Collected data
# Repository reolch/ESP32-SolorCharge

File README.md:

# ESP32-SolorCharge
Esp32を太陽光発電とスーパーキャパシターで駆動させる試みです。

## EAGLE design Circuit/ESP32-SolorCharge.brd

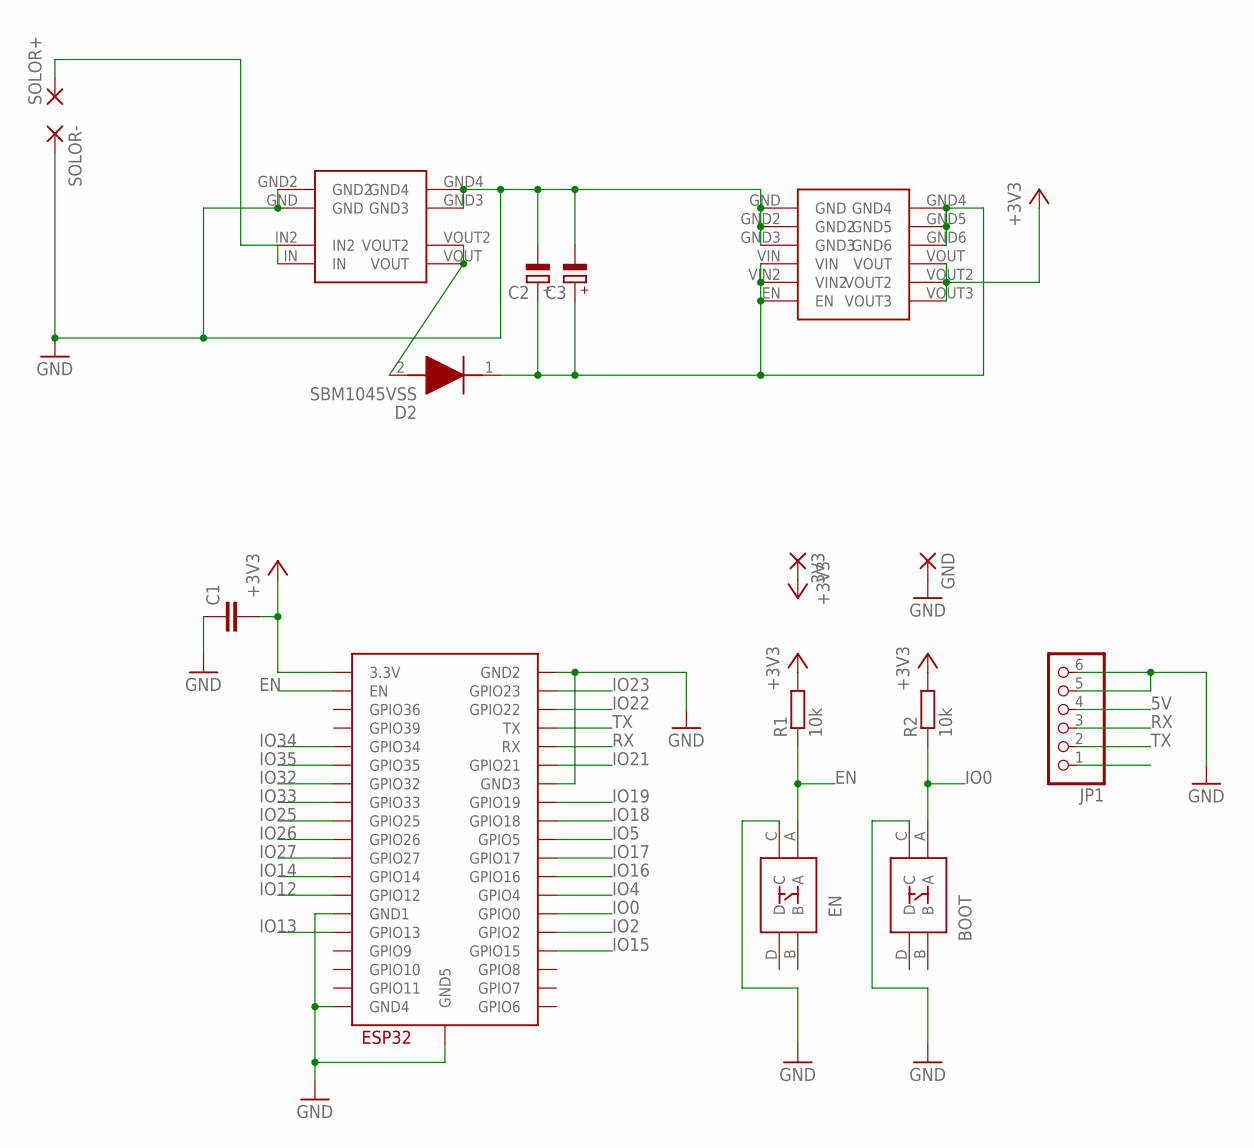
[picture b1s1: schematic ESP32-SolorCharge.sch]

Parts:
3V3: 2,54/1,0
BOOT: TS-06104; TS06104
C1: C-EU025-025X050; C025-025X050
C2, C3: CPOL-EUE7.5-16; E7,5-16
D2: SBM1045VSS; DIOAD2855W130L835D505
EN: TS-06104; TS06104
GND: 2,54/1,0
JP1: PINHD-1X6; 1X06
R1, R2: 10k; R0603
SOLOR+: 2,54/1,0
SOLOR-: 2,54/1,0
U$1: ESP32-WROOM
U$2: TPS63070
U$3: TPS63020

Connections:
5V: JP1.4
+3V3: 3V3.1, C1.2, R1.2, R2.2, U$1.3V3 (3.3V), U$3.VOUT, U$3.VOUT2, U$3.VOUT3
EN: EN.A, R1.1, U$1.EN
GND: BOOT.C, C1.1, C2.-, C3.-, EN.C, GND.1, JP1.5, JP1.6, SOLOR-.1, U$1.GND1, U$1.GND2, U$1.GND3, U$1.GND4, U$1.GND5, U$2.GND, U$2.GND2, U$2.GND3, U$2.GND4, U$3.GND, U$3.GND2, U$3.GND3
IO0: BOOT.A, R2.1, U$1.IO0 (GPIO0)
IO2: U$1.IO2 (GPIO2)
IO4: U$1.IO4 (GPIO4)
IO5: U$1.IO5 (GPIO5)
IO12: U$1.IO12 (GPIO12)
IO13: U$1.IO13 (GPIO13)
IO14: U$1.IO14 (GPIO14)
IO15: U$1.IO15 (GPIO15)
IO16: U$1.IO16 (GPIO16)
IO17: U$1.IO17 (GPIO17)
IO18: U$1.IO18 (GPIO18)
IO19: U$1.IO19 (GPIO19)
IO21: U$1.IO21 (GPIO21)
IO22: U$1.IO22 (GPIO22)
IO23: U$1.IO23 (GPIO23)
IO25: U$1.IO25 (GPIO25)
IO26: U$1.IO26 (GPIO26)
IO27: U$1.IO27 (GPIO27)
IO32: U$1.IO32 (GPIO32)
IO33: U$1.IO33 (GPIO33)
IO34: U$1.IO34 (GPIO34)
IO35: U$1.IO35 (GPIO35)
unnamed: D2.2 (A), U$2.VOUT, U$2.VOUT2
unnamed: C2.+, C3.+, D2.1 (K), U$3.EN, U$3.GND4, U$3.GND5, U$3.GND6, U$3.VIN, U$3.VIN2
unnamed: SOLOR+.1, U$2.IN, U$2.IN2
RX: JP1.3, U$1.RX
TX: JP1.2, U$1.TX

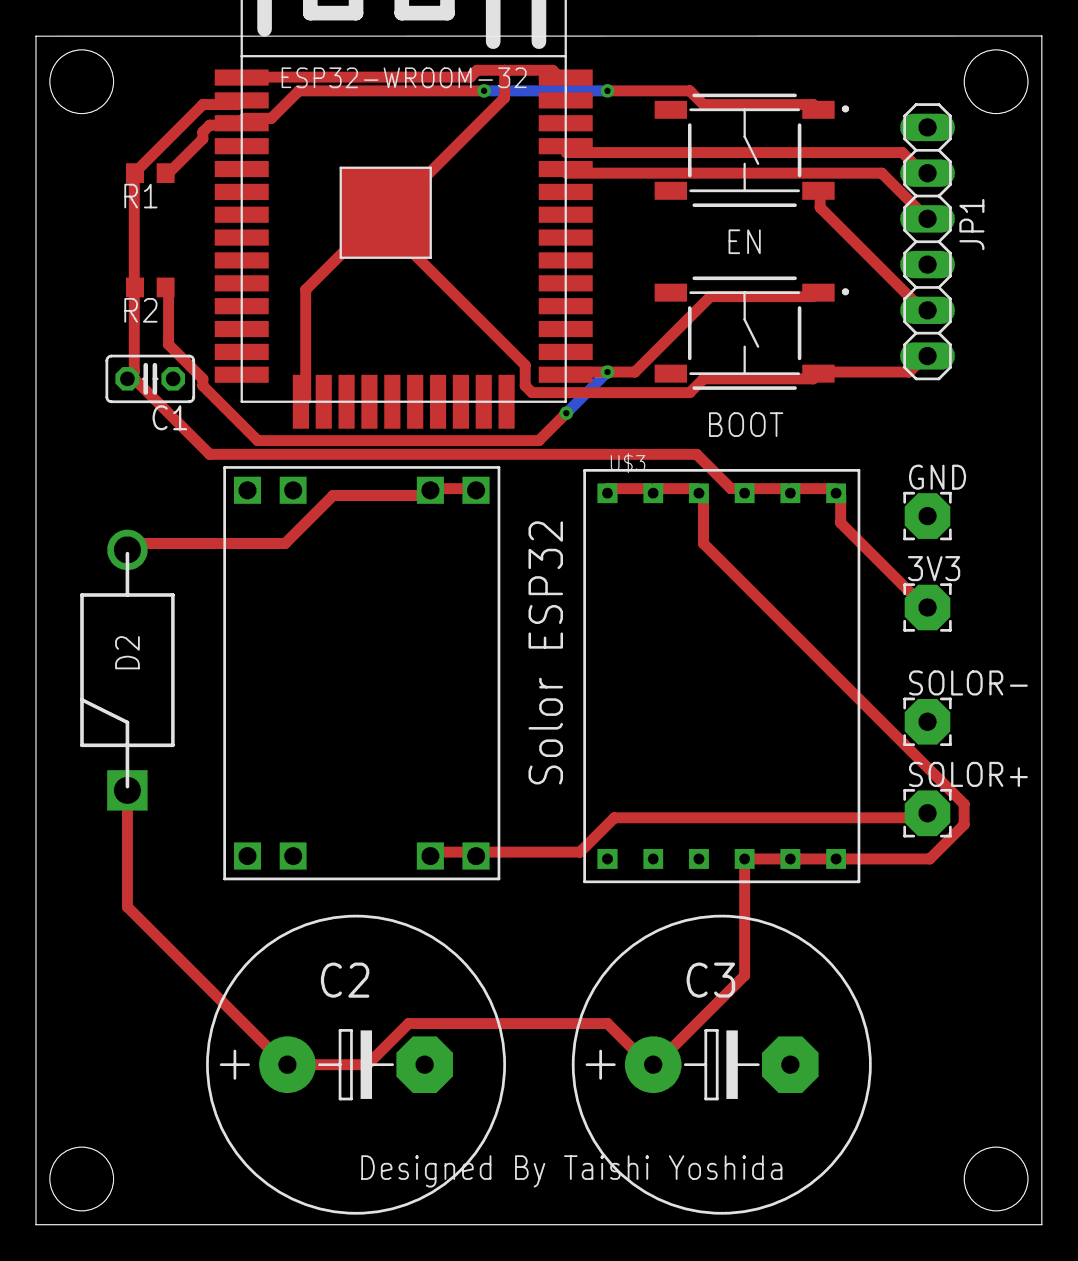
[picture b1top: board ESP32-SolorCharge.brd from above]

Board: 2 copper layers, 55.9 x 66.0 mm, 16 parts (0 on the bottom side), 9 nets.

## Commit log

2022-11-21 現在の進捗をPushします。
2022-11-21 使用中のライブラリを追加しました。

# WORK INSTRUCTIONS
Each entry is to be returned precisely as it appears, but the pictures are to be dropped.

# EXERCISE RESULT
# Repository reolch/ESP32-SolorCharge

File README.md:

# ESP32-SolorCharge
Esp32を太陽光発電とスーパーキャパシターで駆動させる試みです。

## EAGLE design Circuit/ESP32-SolorCharge.brd

[picture b1s1: schematic ESP32-SolorCharge.sch]

Parts:
3V3: 2,54/1,0
BOOT: TS-06104; TS06104
C1: C-EU025-025X050; C025-025X050
C2, C3: CPOL-EUE7.5-16; E7,5-16
D2: SBM1045VSS; DIOAD2855W130L835D505
EN: TS-06104; TS06104
GND: 2,54/1,0
JP1: PINHD-1X6; 1X06
R1, R2: 10k; R0603
SOLOR+: 2,54/1,0
SOLOR-: 2,54/1,0
U$1: ESP32-WROOM
U$2: TPS63070
U$3: TPS63020

Connections:
5V: JP1.4
+3V3: 3V3.1, C1.2, R1.2, R2.2, U$1.3V3 (3.3V), U$3.VOUT, U$3.VOUT2, U$3.VOUT3
EN: EN.A, R1.1, U$1.EN
GND: BOOT.C, C1.1, C2.-, C3.-, EN.C, GND.1, JP1.5, JP1.6, SOLOR-.1, U$1.GND1, U$1.GND2, U$1.GND3, U$1.GND4, U$1.GND5, U$2.GND, U$2.GND2, U$2.GND3, U$2.GND4, U$3.GND, U$3.GND2, U$3.GND3
IO0: BOOT.A, R2.1, U$1.IO0 (GPIO0)
IO2: U$1.IO2 (GPIO2)
IO4: U$1.IO4 (GPIO4)
IO5: U$1.IO5 (GPIO5)
IO12: U$1.IO12 (GPIO12)
IO13: U$1.IO13 (GPIO13)
IO14: U$1.IO14 (GPIO14)
IO15: U$1.IO15 (GPIO15)
IO16: U$1.IO16 (GPIO16)
IO17: U$1.IO17 (GPIO17)
IO18: U$1.IO18 (GPIO18)
IO19: U$1.IO19 (GPIO19)
IO21: U$1.IO21 (GPIO21)
IO22: U$1.IO22 (GPIO22)
IO23: U$1.IO23 (GPIO23)
IO25: U$1.IO25 (GPIO25)
IO26: U$1.IO26 (GPIO26)
IO27: U$1.IO27 (GPIO27)
IO32: U$1.IO32 (GPIO32)
IO33: U$1.IO33 (GPIO33)
IO34: U$1.IO34 (GPIO34)
IO35: U$1.IO35 (GPIO35)
unnamed: D2.2 (A), U$2.VOUT, U$2.VOUT2
unnamed: C2.+, C3.+, D2.1 (K), U$3.EN, U$3.GND4, U$3.GND5, U$3.GND6, U$3.VIN, U$3.VIN2
unnamed: SOLOR+.1, U$2.IN, U$2.IN2
RX: JP1.3, U$1.RX
TX: JP1.2, U$1.TX

[picture b1top: board ESP32-SolorCharge.brd from above]

Board: 2 copper layers, 55.9 x 66.0 mm, 16 parts (0 on the bottom side), 9 nets.

## Commit log

2022-11-21 現在の進捗をPushします。
2022-11-21 使用中のライブラリを追加しました。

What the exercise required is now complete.